Arch Mission Foundation Intends To Send Millions Of Pages Of Wikipedia Articles To The Moon - Part 2 of 2 Parts

Part 2 of 2 Parts (Please read Part 1 first)
       The AMF has already sent archived text into space. When Elon Musk launched his Tesla Roadster into space, the entire text of Isaac Asimov’s Foundation Trilogy was inscribed on tiny digital storage devices called Archs and placed into the Roadster before launch. This series of novels inspired many readers to choose careers in the social and physical sciences.
        Space is a very harsh environment and storing data safely for the long term is difficult. There are bursts of intense radiation that could damage just about any storage media. Temperatures vary over such an extreme range that storage media could be damaged and corrupted. For the Roadster launch, the mineral quartz was chosen as the storage media. The AMF used a laser to burn tiny holes into small quartz disks about the size of a U.S. quarter to create what is called 5D optical storage. Beyond the three spatial dimensions, 5D storage also utilizes the size of the hole and its shape to encode information.
      For the Peregrine project, the AMF chose the element nickel for the storage media. Squares of pure nickel that are thinner than a human hair and about the size of a postage stamp will be used. Spivack says, “Nickel is an element that doesn’t corrode, lasts basically forever in space, and cosmic rays won’t hurt it.” Lasers will etch the information into the surfaces of the sheets of nickel. Each sheet can hold up to sixteen thousand pages of text. The text on the sheets can be read with any 1000X optical microscope. As many as fifty million pages of text will be sent on the Peregrine.
      The AMF intends to send additional archives to the Moon as time passes. They are also going to create a Mars Library and additional libraries for other locations in the Solar System. They want to distribute such archives as widely as possible to increase the chances that they will survive far into the future. Eventually, the AMF intends to connect Arch Libraries through a “decentralized read-write data sharing network that spans the Solar System.”
       The AMF says that there will also be a way for the public to get involved and help choose what is sent. They will allow people to make donations to have specific information included in the Archives. They have also promised that they will not exert any censorship over the information that people want to include.
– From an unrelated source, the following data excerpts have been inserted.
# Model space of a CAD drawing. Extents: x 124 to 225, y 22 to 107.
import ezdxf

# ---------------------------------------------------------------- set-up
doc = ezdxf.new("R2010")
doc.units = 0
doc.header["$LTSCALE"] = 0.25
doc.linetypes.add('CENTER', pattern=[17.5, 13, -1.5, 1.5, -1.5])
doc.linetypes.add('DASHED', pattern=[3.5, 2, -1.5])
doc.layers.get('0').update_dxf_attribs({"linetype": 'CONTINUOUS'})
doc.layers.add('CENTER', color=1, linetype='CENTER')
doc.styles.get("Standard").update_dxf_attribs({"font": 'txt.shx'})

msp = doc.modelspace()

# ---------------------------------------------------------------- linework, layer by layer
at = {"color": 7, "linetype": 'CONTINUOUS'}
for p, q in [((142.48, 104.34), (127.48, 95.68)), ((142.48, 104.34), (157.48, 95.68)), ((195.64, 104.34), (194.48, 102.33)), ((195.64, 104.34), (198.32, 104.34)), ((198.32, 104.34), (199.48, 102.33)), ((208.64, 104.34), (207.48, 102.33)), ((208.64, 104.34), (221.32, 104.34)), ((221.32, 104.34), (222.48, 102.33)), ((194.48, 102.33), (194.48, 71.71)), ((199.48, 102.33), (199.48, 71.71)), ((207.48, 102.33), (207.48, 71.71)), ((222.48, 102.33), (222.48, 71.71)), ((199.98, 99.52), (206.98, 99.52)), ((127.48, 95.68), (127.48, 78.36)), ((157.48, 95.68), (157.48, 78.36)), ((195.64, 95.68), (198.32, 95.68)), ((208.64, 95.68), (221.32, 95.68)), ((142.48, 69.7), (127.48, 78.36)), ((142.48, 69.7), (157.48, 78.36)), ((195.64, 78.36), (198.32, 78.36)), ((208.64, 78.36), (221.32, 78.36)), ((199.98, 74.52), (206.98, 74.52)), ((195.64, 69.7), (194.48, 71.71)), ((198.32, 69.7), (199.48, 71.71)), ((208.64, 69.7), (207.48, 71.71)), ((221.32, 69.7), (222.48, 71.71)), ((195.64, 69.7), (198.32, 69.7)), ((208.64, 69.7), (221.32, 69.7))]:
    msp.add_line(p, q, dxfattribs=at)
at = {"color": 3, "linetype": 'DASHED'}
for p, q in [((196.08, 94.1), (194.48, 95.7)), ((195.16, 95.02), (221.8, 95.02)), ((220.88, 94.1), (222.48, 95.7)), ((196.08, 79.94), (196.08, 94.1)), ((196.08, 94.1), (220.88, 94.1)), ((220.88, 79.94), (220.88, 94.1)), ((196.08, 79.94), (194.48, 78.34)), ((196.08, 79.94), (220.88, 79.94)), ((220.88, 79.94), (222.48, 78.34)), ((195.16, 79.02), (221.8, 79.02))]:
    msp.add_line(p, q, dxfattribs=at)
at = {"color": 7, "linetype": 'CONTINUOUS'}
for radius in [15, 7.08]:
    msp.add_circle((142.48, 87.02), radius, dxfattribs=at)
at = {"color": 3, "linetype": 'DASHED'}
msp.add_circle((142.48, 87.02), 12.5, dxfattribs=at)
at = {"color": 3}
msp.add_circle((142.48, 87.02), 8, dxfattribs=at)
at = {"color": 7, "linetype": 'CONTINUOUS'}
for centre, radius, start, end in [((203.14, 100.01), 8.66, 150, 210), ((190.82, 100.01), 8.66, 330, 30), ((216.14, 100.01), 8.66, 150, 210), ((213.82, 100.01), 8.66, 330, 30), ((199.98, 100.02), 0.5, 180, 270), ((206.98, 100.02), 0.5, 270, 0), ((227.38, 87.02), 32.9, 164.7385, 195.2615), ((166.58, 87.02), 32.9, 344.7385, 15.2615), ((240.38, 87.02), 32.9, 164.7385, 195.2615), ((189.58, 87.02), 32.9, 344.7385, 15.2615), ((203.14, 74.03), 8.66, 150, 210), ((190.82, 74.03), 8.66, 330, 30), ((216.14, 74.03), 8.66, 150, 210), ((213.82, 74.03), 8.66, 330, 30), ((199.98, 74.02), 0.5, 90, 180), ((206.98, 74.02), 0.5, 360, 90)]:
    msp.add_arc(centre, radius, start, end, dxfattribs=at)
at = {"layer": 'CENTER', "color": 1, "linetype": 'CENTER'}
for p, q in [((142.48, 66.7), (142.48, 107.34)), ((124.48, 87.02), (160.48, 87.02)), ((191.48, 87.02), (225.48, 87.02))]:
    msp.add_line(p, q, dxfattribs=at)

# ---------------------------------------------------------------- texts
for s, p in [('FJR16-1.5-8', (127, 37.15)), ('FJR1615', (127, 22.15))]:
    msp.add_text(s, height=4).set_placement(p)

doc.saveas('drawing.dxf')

The AMF says that the reason that they are not emphasizing science and technology in their data sets is because they assume that any aliens with sufficiently advanced technology to get to our solar system from a planet around another star would have scientific and technical knowledge far above ours. It is also assumed that they would be most interested in our cultures.
       Alien cultures may chose to immortalize their cultures and knowledge by creating something like the Archs from the AMF. One possibility would be to create self-replicating archival spacecraft which would travel to other star systems and create more copies of themselves to spread their information further. It is estimated that such a plan could see every star in the Milky Way visited within ten million years. Perhaps such archives exist in our solar systems just waiting to be discovered.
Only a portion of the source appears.